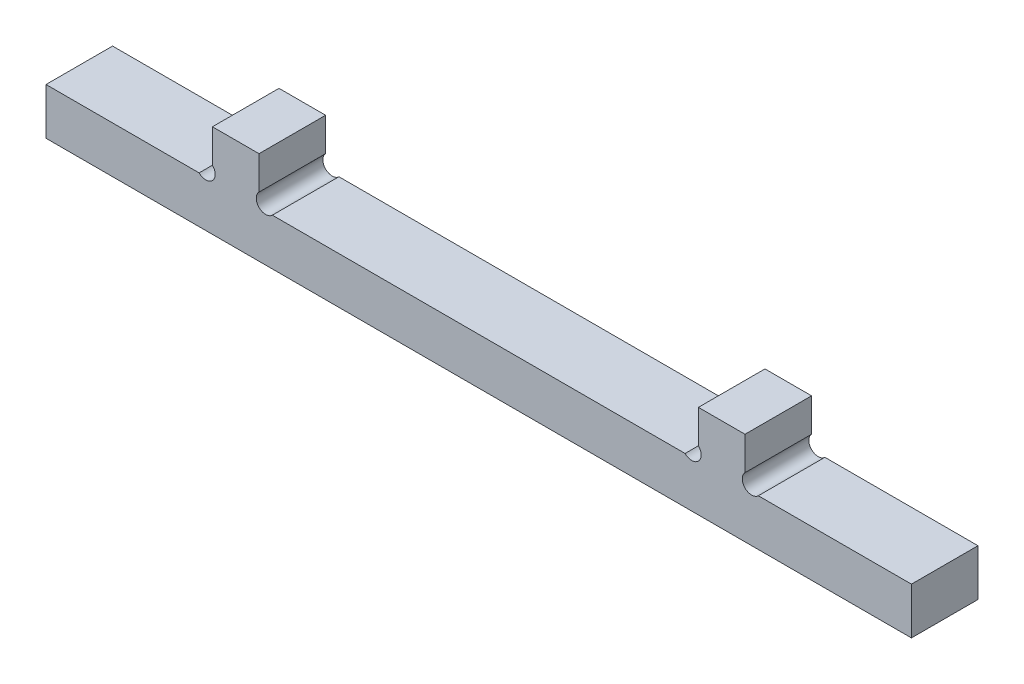
ISO-10303-21;
HEADER;
FILE_DESCRIPTION(('STEP AP214'),'2;1');
FILE_NAME('part.step','',(''),(''),'','','');
FILE_SCHEMA(('AUTOMOTIVE_DESIGN { 1 0 10303 214 1 1 1 1 }'));
ENDSEC;
DATA;
#1=APPLICATION_CONTEXT('core data for automotive mechanical design processes');
#2=APPLICATION_PROTOCOL_DEFINITION('international standard','automotive_design',2000,#1);
#3=PRODUCT_CONTEXT('',#1,'mechanical');
#4=PRODUCT('Part','Part','',(#3));
#5=PRODUCT_RELATED_PRODUCT_CATEGORY('part','',(#4));
#6=PRODUCT_DEFINITION_FORMATION('','',#4);
#7=PRODUCT_DEFINITION_CONTEXT('part definition',#1,'design');
#8=PRODUCT_DEFINITION('design','',#6,#7);
#9=PRODUCT_DEFINITION_SHAPE('','',#8);
#10=(LENGTH_UNIT() NAMED_UNIT(*) SI_UNIT(.MILLI.,.METRE.));
#11=(NAMED_UNIT(*) PLANE_ANGLE_UNIT() SI_UNIT($,.RADIAN.));
#12=(NAMED_UNIT(*) SI_UNIT($,.STERADIAN.) SOLID_ANGLE_UNIT());
#13=UNCERTAINTY_MEASURE_WITH_UNIT(LENGTH_MEASURE(1.E-05),#10,'distance_accuracy_value','');
#14=(GEOMETRIC_REPRESENTATION_CONTEXT(3) GLOBAL_UNCERTAINTY_ASSIGNED_CONTEXT((#13)) GLOBAL_UNIT_ASSIGNED_CONTEXT((#10,
#11,#12)) REPRESENTATION_CONTEXT('',''));
#15=CARTESIAN_POINT('',(0.,0.,0.));
#16=DIRECTION('',(0.,0.,1.));
#17=DIRECTION('',(1.,0.,0.));
#18=AXIS2_PLACEMENT_3D('',#15,#16,#17);
#19=CARTESIAN_POINT('',(52.0699999999999,5.71499999999943,12.7));
#20=DIRECTION('',(0.,0.,-1.));
#21=DIRECTION('',(-1.,0.,0.));
#22=AXIS2_PLACEMENT_3D('',#19,#20,#21);
#23=CYLINDRICAL_SURFACE('',#22,1.79605122421382);
#24=CARTESIAN_POINT('',(52.0699999999999,5.71499999999943,0.));
#25=DIRECTION('',(0.,0.,1.));
#26=DIRECTION('',(1.,0.,0.));
#27=AXIS2_PLACEMENT_3D('',#24,#25,#26);
#28=CIRCLE('',#27,1.79605122421382);
#29=CARTESIAN_POINT('',(50.8,6.98499999999947,0.));
#30=VERTEX_POINT('',#29);
#31=CARTESIAN_POINT('',(53.3400000000005,4.445,0.));
#32=VERTEX_POINT('',#31);
#33=EDGE_CURVE('E195',#30,#32,#28,.T.);
#34=ORIENTED_EDGE('',*,*,#33,.F.);
#35=DIRECTION('',(0.,0.,-1.));
#36=VECTOR('',#35,1.);
#37=CARTESIAN_POINT('',(50.8,6.98499999999947,12.7));
#38=LINE('',#37,#36);
#39=CARTESIAN_POINT('',(50.8,6.98499999999947,12.7));
#40=VERTEX_POINT('',#39);
#41=EDGE_CURVE('E11',#40,#30,#38,.T.);
#42=ORIENTED_EDGE('',*,*,#41,.F.);
#43=CARTESIAN_POINT('',(52.0699999999999,5.71499999999943,12.7));
#44=DIRECTION('',(0.,0.,1.));
#45=DIRECTION('',(1.,0.,0.));
#46=AXIS2_PLACEMENT_3D('',#43,#44,#45);
#47=CIRCLE('',#46,1.79605122421382);
#48=CARTESIAN_POINT('',(53.3400000000005,4.445,12.7));
#49=VERTEX_POINT('',#48);
#50=EDGE_CURVE('E351',#40,#49,#47,.T.);
#51=ORIENTED_EDGE('',*,*,#50,.T.);
#52=DIRECTION('',(0.,0.,-1.));
#53=VECTOR('',#52,1.);
#54=CARTESIAN_POINT('',(53.3400000000005,4.445,12.7));
#55=LINE('',#54,#53);
#56=EDGE_CURVE('E62',#49,#32,#55,.T.);
#57=ORIENTED_EDGE('',*,*,#56,.T.);
#58=EDGE_LOOP('',(#34,#42,#51,#57));
#59=FACE_BOUND('',#58,.T.);
#60=ADVANCED_FACE('F45',(#59),#23,.F.);
#61=CARTESIAN_POINT('',(50.8,0.,12.7));
#62=DIRECTION('',(-1.,0.,0.));
#63=DIRECTION('',(0.,0.,1.));
#64=AXIS2_PLACEMENT_3D('',#61,#62,#63);
#65=PLANE('',#64);
#66=DIRECTION('',(0.,1.,0.));
#67=VECTOR('',#66,1.);
#68=CARTESIAN_POINT('',(50.8,0.,0.));
#69=LINE('',#68,#67);
#70=CARTESIAN_POINT('',(50.8,13.335,0.));
#71=VERTEX_POINT('',#70);
#72=EDGE_CURVE('E198',#30,#71,#69,.T.);
#73=ORIENTED_EDGE('',*,*,#72,.T.);
#74=DIRECTION('',(0.,0.,-1.));
#75=VECTOR('',#74,1.);
#76=CARTESIAN_POINT('',(50.8,13.335,12.7));
#77=LINE('',#76,#75);
#78=CARTESIAN_POINT('',(50.8,13.335,12.7));
#79=VERTEX_POINT('',#78);
#80=EDGE_CURVE('E54',#79,#71,#77,.T.);
#81=ORIENTED_EDGE('',*,*,#80,.F.);
#82=DIRECTION('',(0.,1.,0.));
#83=VECTOR('',#82,1.);
#84=CARTESIAN_POINT('',(50.8,0.,12.7));
#85=LINE('',#84,#83);
#86=EDGE_CURVE('E309',#40,#79,#85,.T.);
#87=ORIENTED_EDGE('',*,*,#86,.F.);
#88=ORIENTED_EDGE('',*,*,#41,.T.);
#89=EDGE_LOOP('',(#73,#81,#87,#88));
#90=FACE_BOUND('',#89,.T.);
#91=ADVANCED_FACE('F355',(#90),#65,.F.);
#92=CARTESIAN_POINT('',(0.,13.335,12.7));
#93=DIRECTION('',(0.,-1.,0.));
#94=DIRECTION('',(1.,0.,0.));
#95=AXIS2_PLACEMENT_3D('',#92,#93,#94);
#96=PLANE('',#95);
#97=DIRECTION('',(-1.,0.,0.));
#98=VECTOR('',#97,1.);
#99=CARTESIAN_POINT('',(0.,13.335,0.));
#100=LINE('',#99,#98);
#101=CARTESIAN_POINT('',(41.91,13.335,0.));
#102=VERTEX_POINT('',#101);
#103=EDGE_CURVE('E201',#71,#102,#100,.T.);
#104=ORIENTED_EDGE('',*,*,#103,.T.);
#105=DIRECTION('',(0.,0.,-1.));
#106=VECTOR('',#105,1.);
#107=CARTESIAN_POINT('',(41.91,13.335,12.7));
#108=LINE('',#107,#106);
#109=CARTESIAN_POINT('',(41.91,13.335,12.7));
#110=VERTEX_POINT('',#109);
#111=EDGE_CURVE('E280',#110,#102,#108,.T.);
#112=ORIENTED_EDGE('',*,*,#111,.F.);
#113=DIRECTION('',(-1.,0.,0.));
#114=VECTOR('',#113,1.);
#115=CARTESIAN_POINT('',(0.,13.335,12.7));
#116=LINE('',#115,#114);
#117=EDGE_CURVE('E290',#79,#110,#116,.T.);
#118=ORIENTED_EDGE('',*,*,#117,.F.);
#119=ORIENTED_EDGE('',*,*,#80,.T.);
#120=EDGE_LOOP('',(#104,#112,#118,#119));
#121=FACE_BOUND('',#120,.T.);
#122=ADVANCED_FACE('F288',(#121),#96,.F.);
#123=CARTESIAN_POINT('',(41.91,0.,12.7));
#124=DIRECTION('',(-1.,0.,0.));
#125=DIRECTION('',(0.,0.,1.));
#126=AXIS2_PLACEMENT_3D('',#123,#124,#125);
#127=PLANE('',#126);
#128=DIRECTION('',(0.,1.,0.));
#129=VECTOR('',#128,1.);
#130=CARTESIAN_POINT('',(41.91,0.,0.));
#131=LINE('',#130,#129);
#132=CARTESIAN_POINT('',(41.91,6.98499999999953,0.));
#133=VERTEX_POINT('',#132);
#134=EDGE_CURVE('E205',#133,#102,#131,.T.);
#135=ORIENTED_EDGE('',*,*,#134,.F.);
#136=DIRECTION('',(0.,0.,-1.));
#137=VECTOR('',#136,1.);
#138=CARTESIAN_POINT('',(41.91,6.98499999999953,12.7));
#139=LINE('',#138,#137);
#140=CARTESIAN_POINT('',(41.91,6.98499999999953,12.7));
#141=VERTEX_POINT('',#140);
#142=EDGE_CURVE('E277',#141,#133,#139,.T.);
#143=ORIENTED_EDGE('',*,*,#142,.F.);
#144=DIRECTION('',(0.,1.,0.));
#145=VECTOR('',#144,1.);
#146=CARTESIAN_POINT('',(41.91,0.,12.7));
#147=LINE('',#146,#145);
#148=EDGE_CURVE('E302',#141,#110,#147,.T.);
#149=ORIENTED_EDGE('',*,*,#148,.T.);
#150=ORIENTED_EDGE('',*,*,#111,.T.);
#151=EDGE_LOOP('',(#135,#143,#149,#150));
#152=FACE_BOUND('',#151,.T.);
#153=ADVANCED_FACE('F298',(#152),#127,.T.);
#154=CARTESIAN_POINT('',(40.64,5.71499999999956,12.7));
#155=DIRECTION('',(0.,0.,-1.));
#156=DIRECTION('',(-1.,0.,0.));
#157=AXIS2_PLACEMENT_3D('',#154,#155,#156);
#158=CYLINDRICAL_SURFACE('',#157,1.79605122421383);
#159=CARTESIAN_POINT('',(40.64,5.71499999999956,0.));
#160=DIRECTION('',(0.,0.,1.));
#161=DIRECTION('',(1.,0.,0.));
#162=AXIS2_PLACEMENT_3D('',#159,#160,#161);
#163=CIRCLE('',#162,1.79605122421383);
#164=CARTESIAN_POINT('',(39.3699999999995,4.445,0.));
#165=VERTEX_POINT('',#164);
#166=EDGE_CURVE('E209',#133,#165,#163,.F.);
#167=ORIENTED_EDGE('',*,*,#166,.T.);
#168=DIRECTION('',(0.,0.,-1.));
#169=VECTOR('',#168,1.);
#170=CARTESIAN_POINT('',(39.3699999999995,4.445,12.7));
#171=LINE('',#170,#169);
#172=CARTESIAN_POINT('',(39.3699999999995,4.445,12.7));
#173=VERTEX_POINT('',#172);
#174=EDGE_CURVE('E274',#173,#165,#171,.T.);
#175=ORIENTED_EDGE('',*,*,#174,.F.);
#176=CARTESIAN_POINT('',(40.64,5.71499999999956,12.7));
#177=DIRECTION('',(0.,0.,1.));
#178=DIRECTION('',(1.,0.,0.));
#179=AXIS2_PLACEMENT_3D('',#176,#177,#178);
#180=CIRCLE('',#179,1.79605122421383);
#181=EDGE_CURVE('E304',#141,#173,#180,.F.);
#182=ORIENTED_EDGE('',*,*,#181,.F.);
#183=ORIENTED_EDGE('',*,*,#142,.T.);
#184=EDGE_LOOP('',(#167,#175,#182,#183));
#185=FACE_BOUND('',#184,.T.);
#186=ADVANCED_FACE('F365',(#185),#158,.F.);
#187=CARTESIAN_POINT('',(0.,4.445,12.7));
#188=DIRECTION('',(0.,1.,0.));
#189=DIRECTION('',(0.,0.,1.));
#190=AXIS2_PLACEMENT_3D('',#187,#188,#189);
#191=PLANE('',#190);
#192=DIRECTION('',(1.,0.,0.));
#193=VECTOR('',#192,1.);
#194=CARTESIAN_POINT('',(0.,4.445,0.));
#195=LINE('',#194,#193);
#196=CARTESIAN_POINT('',(-39.37,4.445,0.));
#197=VERTEX_POINT('',#196);
#198=EDGE_CURVE('E213',#197,#165,#195,.T.);
#199=ORIENTED_EDGE('',*,*,#198,.F.);
#200=DIRECTION('',(0.,0.,-1.));
#201=VECTOR('',#200,1.);
#202=CARTESIAN_POINT('',(-39.37,4.445,12.7));
#203=LINE('',#202,#201);
#204=CARTESIAN_POINT('',(-39.37,4.445,12.7));
#205=VERTEX_POINT('',#204);
#206=EDGE_CURVE('E271',#205,#197,#203,.T.);
#207=ORIENTED_EDGE('',*,*,#206,.F.);
#208=DIRECTION('',(1.,0.,0.));
#209=VECTOR('',#208,1.);
#210=CARTESIAN_POINT('',(0.,4.445,12.7));
#211=LINE('',#210,#209);
#212=EDGE_CURVE('E192',#205,#173,#211,.T.);
#213=ORIENTED_EDGE('',*,*,#212,.T.);
#214=ORIENTED_EDGE('',*,*,#174,.T.);
#215=EDGE_LOOP('',(#199,#207,#213,#214));
#216=FACE_BOUND('',#215,.T.);
#217=ADVANCED_FACE('F368',(#216),#191,.T.);
#218=CARTESIAN_POINT('',(-40.64,5.715,12.7));
#219=DIRECTION('',(0.,0.,-1.));
#220=DIRECTION('',(-1.,0.,0.));
#221=AXIS2_PLACEMENT_3D('',#218,#219,#220);
#222=CYLINDRICAL_SURFACE('',#221,1.79605122421383);
#223=CARTESIAN_POINT('',(-40.64,5.715,0.));
#224=DIRECTION('',(0.,0.,1.));
#225=DIRECTION('',(1.,0.,0.));
#226=AXIS2_PLACEMENT_3D('',#223,#224,#225);
#227=CIRCLE('',#226,1.79605122421383);
#228=CARTESIAN_POINT('',(-41.91,6.98500000000001,0.));
#229=VERTEX_POINT('',#228);
#230=EDGE_CURVE('E217',#229,#197,#227,.T.);
#231=ORIENTED_EDGE('',*,*,#230,.F.);
#232=DIRECTION('',(0.,0.,-1.));
#233=VECTOR('',#232,1.);
#234=CARTESIAN_POINT('',(-41.91,6.98500000000001,12.7));
#235=LINE('',#234,#233);
#236=CARTESIAN_POINT('',(-41.91,6.98500000000001,12.7));
#237=VERTEX_POINT('',#236);
#238=EDGE_CURVE('E268',#237,#229,#235,.T.);
#239=ORIENTED_EDGE('',*,*,#238,.F.);
#240=CARTESIAN_POINT('',(-40.64,5.715,12.7));
#241=DIRECTION('',(0.,0.,1.));
#242=DIRECTION('',(1.,0.,0.));
#243=AXIS2_PLACEMENT_3D('',#240,#241,#242);
#244=CIRCLE('',#243,1.79605122421383);
#245=EDGE_CURVE('E315',#237,#205,#244,.T.);
#246=ORIENTED_EDGE('',*,*,#245,.T.);
#247=ORIENTED_EDGE('',*,*,#206,.T.);
#248=EDGE_LOOP('',(#231,#239,#246,#247));
#249=FACE_BOUND('',#248,.T.);
#250=ADVANCED_FACE('F370',(#249),#222,.F.);
#251=CARTESIAN_POINT('',(-41.91,0.,12.7));
#252=DIRECTION('',(-1.,0.,0.));
#253=DIRECTION('',(0.,0.,1.));
#254=AXIS2_PLACEMENT_3D('',#251,#252,#253);
#255=PLANE('',#254);
#256=DIRECTION('',(0.,1.,0.));
#257=VECTOR('',#256,1.);
#258=CARTESIAN_POINT('',(-41.91,0.,0.));
#259=LINE('',#258,#257);
#260=CARTESIAN_POINT('',(-41.91,13.335,0.));
#261=VERTEX_POINT('',#260);
#262=EDGE_CURVE('E223',#229,#261,#259,.T.);
#263=ORIENTED_EDGE('',*,*,#262,.T.);
#264=DIRECTION('',(0.,0.,-1.));
#265=VECTOR('',#264,1.);
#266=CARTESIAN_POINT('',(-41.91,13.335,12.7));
════
▶ [Exercise instructions]: A word-for-word copy of the lines from the one with "#247=ORIENTED_EDGE('',*,*,#206,.T.);" through the end of the listing is what should be returned.

▶ [Finished exercise]:
#247=ORIENTED_EDGE('',*,*,#206,.T.);
#248=EDGE_LOOP('',(#231,#239,#246,#247));
#249=FACE_BOUND('',#248,.T.);
#250=ADVANCED_FACE('F370',(#249),#222,.F.);
#251=CARTESIAN_POINT('',(-41.91,0.,12.7));
#252=DIRECTION('',(-1.,0.,0.));
#253=DIRECTION('',(0.,0.,1.));
#254=AXIS2_PLACEMENT_3D('',#251,#252,#253);
#255=PLANE('',#254);
#256=DIRECTION('',(0.,1.,0.));
#257=VECTOR('',#256,1.);
#258=CARTESIAN_POINT('',(-41.91,0.,0.));
#259=LINE('',#258,#257);
#260=CARTESIAN_POINT('',(-41.91,13.335,0.));
#261=VERTEX_POINT('',#260);
#262=EDGE_CURVE('E223',#229,#261,#259,.T.);
#263=ORIENTED_EDGE('',*,*,#262,.T.);
#264=DIRECTION('',(0.,0.,-1.));
#265=VECTOR('',#264,1.);
#266=CARTESIAN_POINT('',(-41.91,13.335,12.7));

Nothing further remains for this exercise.